Please copy each line of the data that includes the string "UNSPECIFIED".

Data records
....
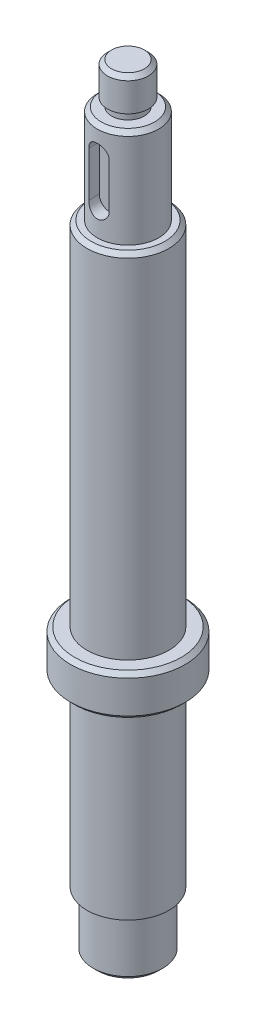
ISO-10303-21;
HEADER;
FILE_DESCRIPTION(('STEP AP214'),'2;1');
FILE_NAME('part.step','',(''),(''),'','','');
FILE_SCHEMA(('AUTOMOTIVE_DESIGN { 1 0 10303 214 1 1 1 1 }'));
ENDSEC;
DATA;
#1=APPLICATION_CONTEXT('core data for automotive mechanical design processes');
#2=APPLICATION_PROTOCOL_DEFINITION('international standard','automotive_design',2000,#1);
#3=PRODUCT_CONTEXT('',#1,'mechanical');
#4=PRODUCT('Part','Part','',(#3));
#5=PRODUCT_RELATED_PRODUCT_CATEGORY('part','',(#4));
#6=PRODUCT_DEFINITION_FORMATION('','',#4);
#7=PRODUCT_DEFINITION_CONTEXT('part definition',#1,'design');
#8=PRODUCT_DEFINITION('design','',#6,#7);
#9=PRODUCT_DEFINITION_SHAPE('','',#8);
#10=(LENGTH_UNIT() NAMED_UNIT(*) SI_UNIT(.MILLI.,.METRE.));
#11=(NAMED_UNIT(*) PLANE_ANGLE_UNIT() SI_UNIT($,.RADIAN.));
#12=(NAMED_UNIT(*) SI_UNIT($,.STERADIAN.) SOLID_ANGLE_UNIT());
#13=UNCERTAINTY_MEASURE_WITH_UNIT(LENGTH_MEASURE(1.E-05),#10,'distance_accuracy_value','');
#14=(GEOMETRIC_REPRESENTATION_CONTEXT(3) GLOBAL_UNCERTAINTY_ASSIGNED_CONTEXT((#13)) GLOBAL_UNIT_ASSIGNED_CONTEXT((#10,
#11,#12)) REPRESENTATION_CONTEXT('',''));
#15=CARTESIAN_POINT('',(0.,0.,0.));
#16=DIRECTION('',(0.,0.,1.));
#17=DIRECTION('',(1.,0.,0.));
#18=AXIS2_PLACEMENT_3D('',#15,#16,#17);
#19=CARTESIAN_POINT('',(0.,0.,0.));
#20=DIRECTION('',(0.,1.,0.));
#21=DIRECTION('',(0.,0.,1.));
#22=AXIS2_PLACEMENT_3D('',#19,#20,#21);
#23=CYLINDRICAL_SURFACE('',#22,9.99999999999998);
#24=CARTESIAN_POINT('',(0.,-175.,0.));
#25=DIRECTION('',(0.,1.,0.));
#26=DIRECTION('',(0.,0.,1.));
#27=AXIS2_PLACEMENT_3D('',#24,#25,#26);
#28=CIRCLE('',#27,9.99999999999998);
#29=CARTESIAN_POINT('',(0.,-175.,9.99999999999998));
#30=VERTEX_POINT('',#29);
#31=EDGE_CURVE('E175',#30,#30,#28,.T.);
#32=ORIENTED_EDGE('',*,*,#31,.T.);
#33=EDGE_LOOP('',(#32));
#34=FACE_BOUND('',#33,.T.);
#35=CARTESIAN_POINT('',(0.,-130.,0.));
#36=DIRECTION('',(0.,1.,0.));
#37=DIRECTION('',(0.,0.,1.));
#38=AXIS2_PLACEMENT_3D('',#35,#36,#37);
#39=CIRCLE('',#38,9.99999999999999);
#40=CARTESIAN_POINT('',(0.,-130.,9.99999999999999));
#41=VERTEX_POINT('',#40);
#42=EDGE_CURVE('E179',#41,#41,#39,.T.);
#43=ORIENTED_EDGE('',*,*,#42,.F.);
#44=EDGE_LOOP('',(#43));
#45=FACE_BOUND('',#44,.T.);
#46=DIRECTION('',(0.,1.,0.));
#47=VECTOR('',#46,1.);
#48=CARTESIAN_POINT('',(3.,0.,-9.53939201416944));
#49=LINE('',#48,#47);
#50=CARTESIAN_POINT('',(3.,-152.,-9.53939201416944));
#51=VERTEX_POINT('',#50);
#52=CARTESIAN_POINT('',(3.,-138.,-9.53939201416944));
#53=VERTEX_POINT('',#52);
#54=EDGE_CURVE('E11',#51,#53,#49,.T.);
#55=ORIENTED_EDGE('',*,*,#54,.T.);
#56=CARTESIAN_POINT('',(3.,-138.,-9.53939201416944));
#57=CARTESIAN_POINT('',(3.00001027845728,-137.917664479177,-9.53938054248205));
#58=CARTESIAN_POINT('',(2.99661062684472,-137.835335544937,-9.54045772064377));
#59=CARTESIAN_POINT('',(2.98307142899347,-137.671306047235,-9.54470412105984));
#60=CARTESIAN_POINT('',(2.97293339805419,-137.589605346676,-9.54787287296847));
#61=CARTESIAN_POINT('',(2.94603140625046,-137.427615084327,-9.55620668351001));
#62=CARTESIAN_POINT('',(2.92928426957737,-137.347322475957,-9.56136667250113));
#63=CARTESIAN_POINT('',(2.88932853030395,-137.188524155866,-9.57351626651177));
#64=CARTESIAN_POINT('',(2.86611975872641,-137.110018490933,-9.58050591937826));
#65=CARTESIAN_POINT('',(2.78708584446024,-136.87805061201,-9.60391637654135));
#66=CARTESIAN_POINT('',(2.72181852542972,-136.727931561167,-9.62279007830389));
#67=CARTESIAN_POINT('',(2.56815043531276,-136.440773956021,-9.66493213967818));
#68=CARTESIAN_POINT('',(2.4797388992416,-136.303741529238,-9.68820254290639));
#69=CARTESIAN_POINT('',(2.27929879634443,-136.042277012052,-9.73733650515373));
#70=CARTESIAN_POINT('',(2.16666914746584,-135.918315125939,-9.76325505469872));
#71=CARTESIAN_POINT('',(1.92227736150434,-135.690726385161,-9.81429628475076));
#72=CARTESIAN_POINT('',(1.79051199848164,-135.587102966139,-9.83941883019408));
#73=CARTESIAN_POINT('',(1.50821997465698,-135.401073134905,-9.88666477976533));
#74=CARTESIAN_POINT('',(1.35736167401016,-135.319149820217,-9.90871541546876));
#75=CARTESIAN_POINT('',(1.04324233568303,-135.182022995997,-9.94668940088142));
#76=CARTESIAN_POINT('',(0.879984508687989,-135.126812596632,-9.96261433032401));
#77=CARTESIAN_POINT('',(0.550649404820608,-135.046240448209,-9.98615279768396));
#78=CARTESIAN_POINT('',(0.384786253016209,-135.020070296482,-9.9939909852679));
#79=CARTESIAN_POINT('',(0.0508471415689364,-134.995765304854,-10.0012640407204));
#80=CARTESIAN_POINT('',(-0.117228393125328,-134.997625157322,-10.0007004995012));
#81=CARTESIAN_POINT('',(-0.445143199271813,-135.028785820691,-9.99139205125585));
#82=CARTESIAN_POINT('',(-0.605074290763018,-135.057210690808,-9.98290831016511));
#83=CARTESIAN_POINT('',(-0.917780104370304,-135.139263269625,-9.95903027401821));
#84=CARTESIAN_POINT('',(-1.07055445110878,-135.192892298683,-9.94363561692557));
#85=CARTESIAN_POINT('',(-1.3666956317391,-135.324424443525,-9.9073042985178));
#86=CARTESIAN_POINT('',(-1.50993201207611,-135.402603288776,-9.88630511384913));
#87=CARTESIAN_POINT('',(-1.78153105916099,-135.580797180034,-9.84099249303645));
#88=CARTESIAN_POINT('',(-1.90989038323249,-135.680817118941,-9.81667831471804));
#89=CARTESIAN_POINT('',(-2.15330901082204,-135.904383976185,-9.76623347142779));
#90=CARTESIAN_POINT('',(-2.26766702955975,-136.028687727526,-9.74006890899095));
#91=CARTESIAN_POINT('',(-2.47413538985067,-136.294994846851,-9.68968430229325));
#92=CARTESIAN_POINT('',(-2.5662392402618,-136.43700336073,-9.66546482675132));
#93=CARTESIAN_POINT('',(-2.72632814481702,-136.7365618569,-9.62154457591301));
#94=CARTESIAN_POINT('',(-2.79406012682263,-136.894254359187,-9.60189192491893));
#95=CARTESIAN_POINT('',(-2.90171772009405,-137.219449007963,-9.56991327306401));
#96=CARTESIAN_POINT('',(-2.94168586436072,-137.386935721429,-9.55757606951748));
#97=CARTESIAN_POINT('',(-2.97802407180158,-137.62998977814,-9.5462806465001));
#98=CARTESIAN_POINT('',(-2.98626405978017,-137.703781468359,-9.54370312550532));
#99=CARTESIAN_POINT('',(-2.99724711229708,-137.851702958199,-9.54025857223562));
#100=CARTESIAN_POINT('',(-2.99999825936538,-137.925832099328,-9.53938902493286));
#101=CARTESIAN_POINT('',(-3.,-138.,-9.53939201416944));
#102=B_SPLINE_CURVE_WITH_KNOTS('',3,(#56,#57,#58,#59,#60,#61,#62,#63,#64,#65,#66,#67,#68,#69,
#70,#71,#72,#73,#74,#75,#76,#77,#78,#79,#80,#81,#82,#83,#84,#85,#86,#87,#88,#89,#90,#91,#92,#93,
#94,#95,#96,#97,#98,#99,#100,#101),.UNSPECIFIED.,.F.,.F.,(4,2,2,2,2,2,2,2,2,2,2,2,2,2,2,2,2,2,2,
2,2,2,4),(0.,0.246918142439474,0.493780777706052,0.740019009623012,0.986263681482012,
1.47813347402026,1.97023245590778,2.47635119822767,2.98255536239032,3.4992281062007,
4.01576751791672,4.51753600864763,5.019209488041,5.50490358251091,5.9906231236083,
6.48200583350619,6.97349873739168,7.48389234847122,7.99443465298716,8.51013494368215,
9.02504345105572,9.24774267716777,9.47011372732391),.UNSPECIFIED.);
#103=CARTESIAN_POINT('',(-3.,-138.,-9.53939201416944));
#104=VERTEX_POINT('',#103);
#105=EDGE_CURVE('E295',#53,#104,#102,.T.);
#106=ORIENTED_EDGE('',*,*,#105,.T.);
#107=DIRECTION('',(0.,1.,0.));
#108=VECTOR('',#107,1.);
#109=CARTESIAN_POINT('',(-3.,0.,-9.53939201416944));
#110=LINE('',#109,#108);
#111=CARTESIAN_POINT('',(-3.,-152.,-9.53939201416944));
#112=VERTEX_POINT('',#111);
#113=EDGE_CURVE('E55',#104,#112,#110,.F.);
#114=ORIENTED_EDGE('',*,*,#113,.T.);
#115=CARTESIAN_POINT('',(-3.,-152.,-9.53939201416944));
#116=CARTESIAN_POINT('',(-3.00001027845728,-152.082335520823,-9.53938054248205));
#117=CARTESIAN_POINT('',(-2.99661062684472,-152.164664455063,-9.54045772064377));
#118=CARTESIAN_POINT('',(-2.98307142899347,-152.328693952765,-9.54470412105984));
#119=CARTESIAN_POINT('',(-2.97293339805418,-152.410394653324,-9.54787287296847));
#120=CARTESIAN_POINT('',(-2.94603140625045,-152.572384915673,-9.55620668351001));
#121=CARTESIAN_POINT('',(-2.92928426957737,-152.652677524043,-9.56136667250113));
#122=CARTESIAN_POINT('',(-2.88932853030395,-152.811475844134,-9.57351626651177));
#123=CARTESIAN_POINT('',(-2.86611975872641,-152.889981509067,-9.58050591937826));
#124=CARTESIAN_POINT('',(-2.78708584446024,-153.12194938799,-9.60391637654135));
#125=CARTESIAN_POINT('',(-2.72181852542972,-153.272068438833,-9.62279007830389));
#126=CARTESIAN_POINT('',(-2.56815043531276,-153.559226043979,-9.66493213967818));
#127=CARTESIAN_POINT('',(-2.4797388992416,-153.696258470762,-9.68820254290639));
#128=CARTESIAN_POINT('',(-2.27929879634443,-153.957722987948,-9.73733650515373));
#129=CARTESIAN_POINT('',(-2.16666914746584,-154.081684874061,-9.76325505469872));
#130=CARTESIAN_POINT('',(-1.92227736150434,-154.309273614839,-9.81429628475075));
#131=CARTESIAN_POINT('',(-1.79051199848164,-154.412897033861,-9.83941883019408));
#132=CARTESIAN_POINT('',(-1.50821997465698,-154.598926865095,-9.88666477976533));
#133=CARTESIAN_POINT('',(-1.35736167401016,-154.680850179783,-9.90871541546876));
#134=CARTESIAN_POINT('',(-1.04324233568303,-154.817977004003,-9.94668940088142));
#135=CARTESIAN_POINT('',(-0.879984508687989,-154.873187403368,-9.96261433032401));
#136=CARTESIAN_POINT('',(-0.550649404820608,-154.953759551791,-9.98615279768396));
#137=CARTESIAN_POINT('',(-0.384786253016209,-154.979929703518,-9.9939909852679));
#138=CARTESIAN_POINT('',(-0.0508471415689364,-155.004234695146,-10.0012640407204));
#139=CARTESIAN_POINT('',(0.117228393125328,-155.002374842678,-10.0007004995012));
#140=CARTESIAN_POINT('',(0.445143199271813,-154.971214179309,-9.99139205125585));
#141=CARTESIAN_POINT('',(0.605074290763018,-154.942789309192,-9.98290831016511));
....
- [Your response]
#94,#95,#96,#97,#98,#99,#100,#101),.UNSPECIFIED.,.F.,.F.,(4,2,2,2,2,2,2,2,2,2,2,2,2,2,2,2,2,2,2,
9.02504345105572,9.24774267716777,9.47011372732391),.UNSPECIFIED.);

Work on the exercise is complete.